UK government to spend £75m on repatriation flights

The UK government is to spend up to £75 million ($93 million) to repatriate its citizens with the assistance of easyJet, Jet2.com, Titan Airways and Virgin Atlantic.

Foreign Secretary Dominic Raab said the UK government would “work non-stop around the world” to keep air routes and critical transit hubs open, enabling British residents to return to the UK.

The government has signed a memorandum of understanding with easyJet, Jet2.com, Titan Airways and Virgin Atlantic to bring tens of thousands of stranded Britons home on charter flights which will cost up to £75m.

Raab said: “We’ve already worked with airlines and governments to enable hundreds of thousands to return home on commercial flights, and we will keep as many of those options open as possible. Where no commercial passenger routes exist, the government plans to provide up to £75 million ($93 million) to help “tens of thousands” of stranded Britons return home on chartered flights.”

Earlier charter flights have been organised, flying Britons back from China, Japan, Cuba, Ghana and Peru. The move comes under the government was put under mounting pressure from Britons stuck abroad for not acting swiftly enough to repatriate its citizens.

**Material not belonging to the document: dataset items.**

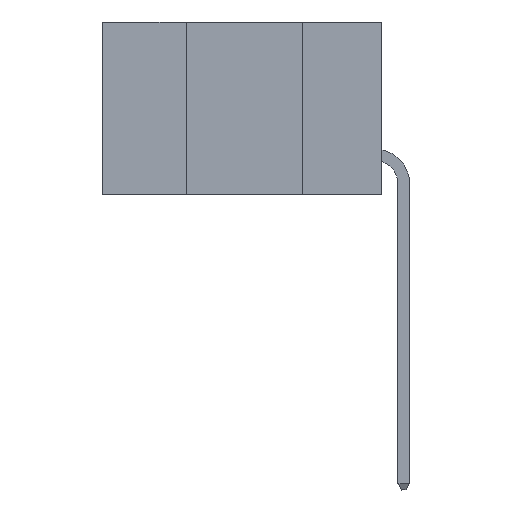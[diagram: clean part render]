
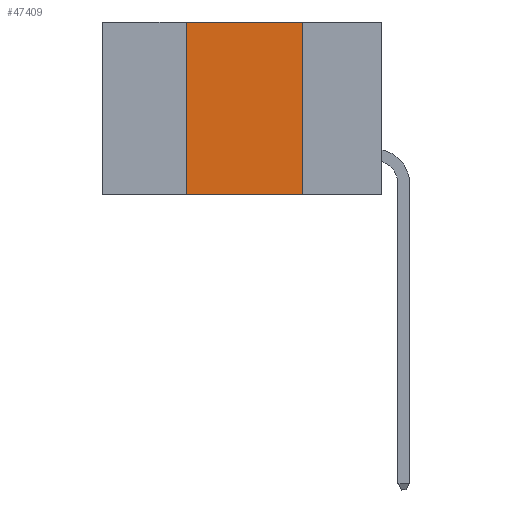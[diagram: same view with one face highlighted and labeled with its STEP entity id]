
A CAD part, left-side view. The second image highlights one B-rep face of the part: STEP entity #47409.
In plain terms, the highlighted planar face has unit normal (-1, 0, 0).
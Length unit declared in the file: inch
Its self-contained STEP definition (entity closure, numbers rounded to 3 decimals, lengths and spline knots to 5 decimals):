
#2482 = ORIENTED_EDGE ( 'NONE', *, *, #45208, .F. ) ;
#2511 = VERTEX_POINT ( 'NONE', #14717 ) ;
#2697 = LINE ( 'NONE', #32774, #28097 ) ;
#4179 = VERTEX_POINT ( 'NONE', #22169 ) ;
#7246 = FACE_OUTER_BOUND ( 'NONE', #9256, .T. ) ;
#7902 = EDGE_CURVE ( 'NONE', #2511, #31980, #37378, .T. ) ;
#9235 = VECTOR ( 'NONE', #31882, 39.37008 ) ;
#9256 = EDGE_LOOP ( 'NONE', ( #2482, #21583, #36440, #12166 ) ) ;
#10336 = CARTESIAN_POINT ( 'NONE',  ( 0., 0.42, 0. ) ) ;
#12166 = ORIENTED_EDGE ( 'NONE', *, *, #13977, .T. ) ;
#13977 = EDGE_CURVE ( 'NONE', #2511, #46738, #33025, .T. ) ;
#14323 = DIRECTION ( 'NONE',  ( 0., -1., 0. ) ) ;
#14717 = CARTESIAN_POINT ( 'NONE',  ( 0., 0.42, -0.37 ) ) ;
#15400 = VECTOR ( 'NONE', #27771, 39.37008 ) ;
#16219 = DIRECTION ( 'NONE',  ( 0., 0., -1. ) ) ;
#16230 = CARTESIAN_POINT ( 'NONE',  ( 0., 0.42, 0. ) ) ;
#16310 = DIRECTION ( 'NONE',  ( 0., 0., -1. ) ) ;
#18572 = EDGE_CURVE ( 'NONE', #31980, #4179, #2697, .T. ) ;
#21583 = ORIENTED_EDGE ( 'NONE', *, *, #18572, .F. ) ;
#22169 = CARTESIAN_POINT ( 'NONE',  ( 0., 0.17, 0. ) ) ;
#22993 = LINE ( 'NONE', #33976, #46818 ) ;
#27771 = DIRECTION ( 'NONE',  ( 0., 0., 1. ) ) ;
#28097 = VECTOR ( 'NONE', #14323, 39.37008 ) ;
#30829 = CARTESIAN_POINT ( 'NONE',  ( 0., 0.6, 0. ) ) ;
#31882 = DIRECTION ( 'NONE',  ( 0., -1., 0. ) ) ;
#31980 = VERTEX_POINT ( 'NONE', #10336 ) ;
#32774 = CARTESIAN_POINT ( 'NONE',  ( 0., 0.6, 0. ) ) ;
#33025 = LINE ( 'NONE', #42501, #9235 ) ;
#33976 = CARTESIAN_POINT ( 'NONE',  ( 0., 0.17, 0. ) ) ;
#36440 = ORIENTED_EDGE ( 'NONE', *, *, #7902, .F. ) ;
#37378 = LINE ( 'NONE', #16230, #15400 ) ;
#37894 = DIRECTION ( 'NONE',  ( 1., 0., 0. ) ) ;
#38596 = CARTESIAN_POINT ( 'NONE',  ( 0., 0.17, -0.37 ) ) ;
#40790 = AXIS2_PLACEMENT_3D ( 'NONE', #30829, #37894, #16219 ) ;
#42501 = CARTESIAN_POINT ( 'NONE',  ( 0., 0.6, -0.37 ) ) ;
#45208 = EDGE_CURVE ( 'NONE', #4179, #46738, #22993, .T. ) ;
#45687 = PLANE ( 'NONE',  #40790 ) ;
#46738 = VERTEX_POINT ( 'NONE', #38596 ) ;
#46818 = VECTOR ( 'NONE', #16310, 39.37008 ) ;
#47409 = ADVANCED_FACE ( 'NONE', ( #7246 ), #45687, .F. ) ;

Charter flights are already up and running to Ghana and Tunisia, according to the government, with more countries including India and South Africa to be added this week. Commercial routes to these destinations have been suspended, leaving British travellers stuck overseas.

The flights will be prioritised according to the number of stranded British citizens, their vulnerability and local health provision.

 

Dubai throws lifeline to Emirates

Dubai is to give an undisclosed sum to Emirates to prop up the airline in a move which has been welcomed by IATA.

Praising the move, IATA’s Director-General and CEO Alexandre de Juniac said: “Dubai recognised the importance of the carrier [Emirates] to the wellbeing of the economy of the UAE.

“We think this is what governments should do as an approach [to help the airlines]. It is a key asset for any country to have a strong airline industry.”

Shaikh Hamdan Bin Mohammed Bin Rashid Al Maktoum, Crown Prince of Dubai, outlined the move in a Twitter post yesterday, He said that the government renews its “commitment to support a success story that started in the mid-1980s to reach its goal of sitting on the throne of global aviation.”

He added: “The Government of Dubai is committed to fully supporting Emirates at this critical time and will inject equity into the company.”

Shaikh Hamdan said the details of the equity injection, along with other measures, will be announced soon.

 

Virgin Australia donates toilet paper rolls to those in need

Virgin Australia grounded 125 of its aircraft last week and cut domestic travel by 90 per cent.

The airline is now set to donate toilet rolls from the grounded flights to vulnerable Australians. The rolls will be distributed through community partners such as The Salvation Army.